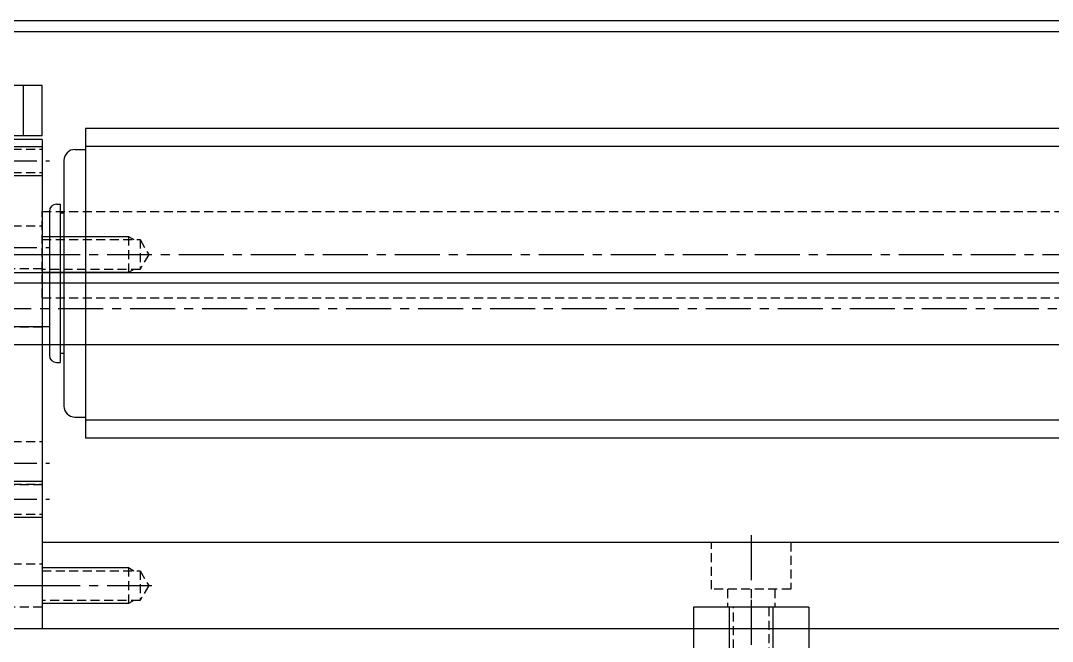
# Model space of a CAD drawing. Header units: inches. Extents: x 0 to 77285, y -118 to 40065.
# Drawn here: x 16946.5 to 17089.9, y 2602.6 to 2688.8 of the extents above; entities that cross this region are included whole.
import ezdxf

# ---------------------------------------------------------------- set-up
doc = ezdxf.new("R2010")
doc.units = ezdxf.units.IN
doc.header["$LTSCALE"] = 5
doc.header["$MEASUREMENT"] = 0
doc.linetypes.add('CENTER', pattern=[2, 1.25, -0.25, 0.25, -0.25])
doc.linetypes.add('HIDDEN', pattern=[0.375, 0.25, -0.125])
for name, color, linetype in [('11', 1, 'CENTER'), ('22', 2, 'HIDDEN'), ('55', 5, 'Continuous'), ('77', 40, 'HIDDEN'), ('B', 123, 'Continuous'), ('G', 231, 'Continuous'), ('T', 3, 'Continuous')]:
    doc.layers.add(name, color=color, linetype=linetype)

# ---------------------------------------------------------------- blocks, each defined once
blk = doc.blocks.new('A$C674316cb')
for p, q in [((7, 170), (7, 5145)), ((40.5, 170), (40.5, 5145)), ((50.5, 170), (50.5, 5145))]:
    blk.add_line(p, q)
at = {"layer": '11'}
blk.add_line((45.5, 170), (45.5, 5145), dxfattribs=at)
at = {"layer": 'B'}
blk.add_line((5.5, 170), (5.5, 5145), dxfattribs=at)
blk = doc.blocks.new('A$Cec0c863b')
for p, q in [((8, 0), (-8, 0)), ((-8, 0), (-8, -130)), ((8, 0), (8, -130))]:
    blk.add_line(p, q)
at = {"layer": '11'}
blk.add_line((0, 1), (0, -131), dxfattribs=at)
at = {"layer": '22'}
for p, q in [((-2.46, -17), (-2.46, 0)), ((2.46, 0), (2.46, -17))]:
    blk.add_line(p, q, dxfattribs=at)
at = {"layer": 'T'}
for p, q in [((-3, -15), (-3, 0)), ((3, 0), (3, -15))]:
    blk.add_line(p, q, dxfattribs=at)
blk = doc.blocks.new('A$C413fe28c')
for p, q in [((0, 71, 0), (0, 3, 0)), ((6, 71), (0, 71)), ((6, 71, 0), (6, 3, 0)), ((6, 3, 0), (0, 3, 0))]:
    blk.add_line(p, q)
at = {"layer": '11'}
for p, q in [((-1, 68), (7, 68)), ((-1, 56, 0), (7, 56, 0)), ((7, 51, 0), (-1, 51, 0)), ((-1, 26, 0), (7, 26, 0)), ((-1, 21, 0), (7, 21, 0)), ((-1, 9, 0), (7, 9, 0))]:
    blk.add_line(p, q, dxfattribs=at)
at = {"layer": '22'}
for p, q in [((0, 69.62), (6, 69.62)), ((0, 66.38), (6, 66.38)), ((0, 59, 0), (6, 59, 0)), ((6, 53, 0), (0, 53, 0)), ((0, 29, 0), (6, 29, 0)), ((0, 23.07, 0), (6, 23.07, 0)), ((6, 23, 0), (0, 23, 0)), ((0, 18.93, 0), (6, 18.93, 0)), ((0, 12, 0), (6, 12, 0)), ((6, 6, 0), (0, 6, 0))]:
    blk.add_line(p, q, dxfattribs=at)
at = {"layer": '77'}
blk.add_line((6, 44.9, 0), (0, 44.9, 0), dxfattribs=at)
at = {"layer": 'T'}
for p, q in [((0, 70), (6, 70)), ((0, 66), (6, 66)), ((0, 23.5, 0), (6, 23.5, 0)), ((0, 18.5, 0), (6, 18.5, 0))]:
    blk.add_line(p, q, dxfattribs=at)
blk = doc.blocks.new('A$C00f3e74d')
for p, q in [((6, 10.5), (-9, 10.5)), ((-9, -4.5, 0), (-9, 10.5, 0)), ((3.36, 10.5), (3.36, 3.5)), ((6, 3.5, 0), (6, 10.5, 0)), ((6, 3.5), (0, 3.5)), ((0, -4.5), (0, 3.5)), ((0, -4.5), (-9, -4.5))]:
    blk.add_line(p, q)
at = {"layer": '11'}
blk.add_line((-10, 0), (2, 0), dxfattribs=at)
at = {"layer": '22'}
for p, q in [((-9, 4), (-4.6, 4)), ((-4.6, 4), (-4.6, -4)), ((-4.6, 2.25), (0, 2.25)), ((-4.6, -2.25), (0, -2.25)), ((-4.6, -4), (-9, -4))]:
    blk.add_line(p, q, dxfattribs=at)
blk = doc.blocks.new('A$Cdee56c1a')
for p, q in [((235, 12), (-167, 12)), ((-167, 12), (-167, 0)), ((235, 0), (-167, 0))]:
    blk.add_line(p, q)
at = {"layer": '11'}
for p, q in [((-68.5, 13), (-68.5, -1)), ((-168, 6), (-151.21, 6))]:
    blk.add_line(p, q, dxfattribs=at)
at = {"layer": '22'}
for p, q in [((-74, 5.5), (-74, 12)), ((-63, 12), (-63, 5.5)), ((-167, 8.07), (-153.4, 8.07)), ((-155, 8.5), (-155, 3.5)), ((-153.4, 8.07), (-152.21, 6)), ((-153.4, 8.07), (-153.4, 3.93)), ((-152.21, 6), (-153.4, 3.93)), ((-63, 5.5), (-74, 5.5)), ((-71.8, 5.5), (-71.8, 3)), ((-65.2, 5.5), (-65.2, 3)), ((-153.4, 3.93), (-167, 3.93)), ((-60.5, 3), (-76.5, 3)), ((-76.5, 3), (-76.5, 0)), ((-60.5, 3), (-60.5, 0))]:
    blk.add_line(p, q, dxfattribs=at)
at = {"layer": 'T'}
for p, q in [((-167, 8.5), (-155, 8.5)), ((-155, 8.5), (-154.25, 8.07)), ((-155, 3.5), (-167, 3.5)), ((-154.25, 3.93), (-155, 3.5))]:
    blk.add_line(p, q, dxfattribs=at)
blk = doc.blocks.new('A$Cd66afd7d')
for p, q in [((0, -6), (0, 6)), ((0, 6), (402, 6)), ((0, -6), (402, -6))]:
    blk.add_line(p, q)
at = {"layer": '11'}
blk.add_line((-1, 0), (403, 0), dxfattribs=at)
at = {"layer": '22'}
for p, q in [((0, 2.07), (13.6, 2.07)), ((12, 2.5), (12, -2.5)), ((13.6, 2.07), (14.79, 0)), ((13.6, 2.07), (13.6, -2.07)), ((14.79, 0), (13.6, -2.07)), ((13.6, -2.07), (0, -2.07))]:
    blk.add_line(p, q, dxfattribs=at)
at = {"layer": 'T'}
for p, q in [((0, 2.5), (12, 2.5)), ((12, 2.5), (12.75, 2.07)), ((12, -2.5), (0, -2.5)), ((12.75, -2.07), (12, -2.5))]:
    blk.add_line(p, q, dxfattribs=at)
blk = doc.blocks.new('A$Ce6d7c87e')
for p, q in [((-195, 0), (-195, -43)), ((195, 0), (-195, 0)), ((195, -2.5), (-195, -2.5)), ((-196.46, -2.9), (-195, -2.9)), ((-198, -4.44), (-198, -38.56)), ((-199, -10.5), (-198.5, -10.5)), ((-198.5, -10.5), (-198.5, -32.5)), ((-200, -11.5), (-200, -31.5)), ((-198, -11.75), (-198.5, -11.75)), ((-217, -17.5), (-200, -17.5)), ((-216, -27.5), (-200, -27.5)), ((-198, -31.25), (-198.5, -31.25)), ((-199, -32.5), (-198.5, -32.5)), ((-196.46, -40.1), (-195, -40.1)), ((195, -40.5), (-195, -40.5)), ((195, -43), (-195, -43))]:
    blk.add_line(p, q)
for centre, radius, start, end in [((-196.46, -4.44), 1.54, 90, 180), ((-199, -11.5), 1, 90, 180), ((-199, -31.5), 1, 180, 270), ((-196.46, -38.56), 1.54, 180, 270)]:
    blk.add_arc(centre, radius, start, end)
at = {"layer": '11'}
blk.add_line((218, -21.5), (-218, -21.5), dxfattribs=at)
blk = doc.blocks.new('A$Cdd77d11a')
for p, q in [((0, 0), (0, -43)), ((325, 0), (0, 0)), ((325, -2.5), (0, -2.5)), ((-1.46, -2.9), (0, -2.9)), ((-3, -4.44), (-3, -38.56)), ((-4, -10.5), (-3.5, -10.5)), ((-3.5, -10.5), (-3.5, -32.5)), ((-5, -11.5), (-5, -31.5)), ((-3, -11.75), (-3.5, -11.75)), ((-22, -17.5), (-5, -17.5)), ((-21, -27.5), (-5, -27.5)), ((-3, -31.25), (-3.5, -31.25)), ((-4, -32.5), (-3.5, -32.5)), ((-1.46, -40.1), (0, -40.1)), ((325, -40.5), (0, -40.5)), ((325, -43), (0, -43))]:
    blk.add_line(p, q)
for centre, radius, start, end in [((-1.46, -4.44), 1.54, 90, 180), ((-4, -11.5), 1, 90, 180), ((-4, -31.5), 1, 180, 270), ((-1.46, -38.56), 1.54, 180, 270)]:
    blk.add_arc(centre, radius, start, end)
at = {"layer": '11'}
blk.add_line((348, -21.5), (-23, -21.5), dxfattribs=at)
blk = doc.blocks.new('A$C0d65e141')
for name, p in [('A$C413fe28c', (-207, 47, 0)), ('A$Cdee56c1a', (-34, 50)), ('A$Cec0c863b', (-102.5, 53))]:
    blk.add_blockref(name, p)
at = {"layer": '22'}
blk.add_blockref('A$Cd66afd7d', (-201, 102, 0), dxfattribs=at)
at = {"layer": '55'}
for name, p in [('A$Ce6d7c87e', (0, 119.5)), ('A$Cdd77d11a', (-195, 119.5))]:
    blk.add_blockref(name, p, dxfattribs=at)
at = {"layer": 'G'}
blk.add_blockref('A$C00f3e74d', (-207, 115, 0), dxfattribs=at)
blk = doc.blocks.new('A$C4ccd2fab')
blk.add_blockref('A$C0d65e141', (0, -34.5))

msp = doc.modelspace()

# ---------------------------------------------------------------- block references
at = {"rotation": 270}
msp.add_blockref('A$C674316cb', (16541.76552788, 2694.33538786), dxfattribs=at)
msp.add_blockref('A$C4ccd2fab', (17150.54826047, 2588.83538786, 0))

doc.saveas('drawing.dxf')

_ _ _ _ _

▸ REQUIRED WORK: In the listing above, find every line with the word "drawing" and copy it out.

▸ REPLY TO THE TASK:
# Model space of a CAD drawing. Header units: inches. Extents: x 0 to 77285, y -118 to 40065.
doc.saveas('drawing.dxf')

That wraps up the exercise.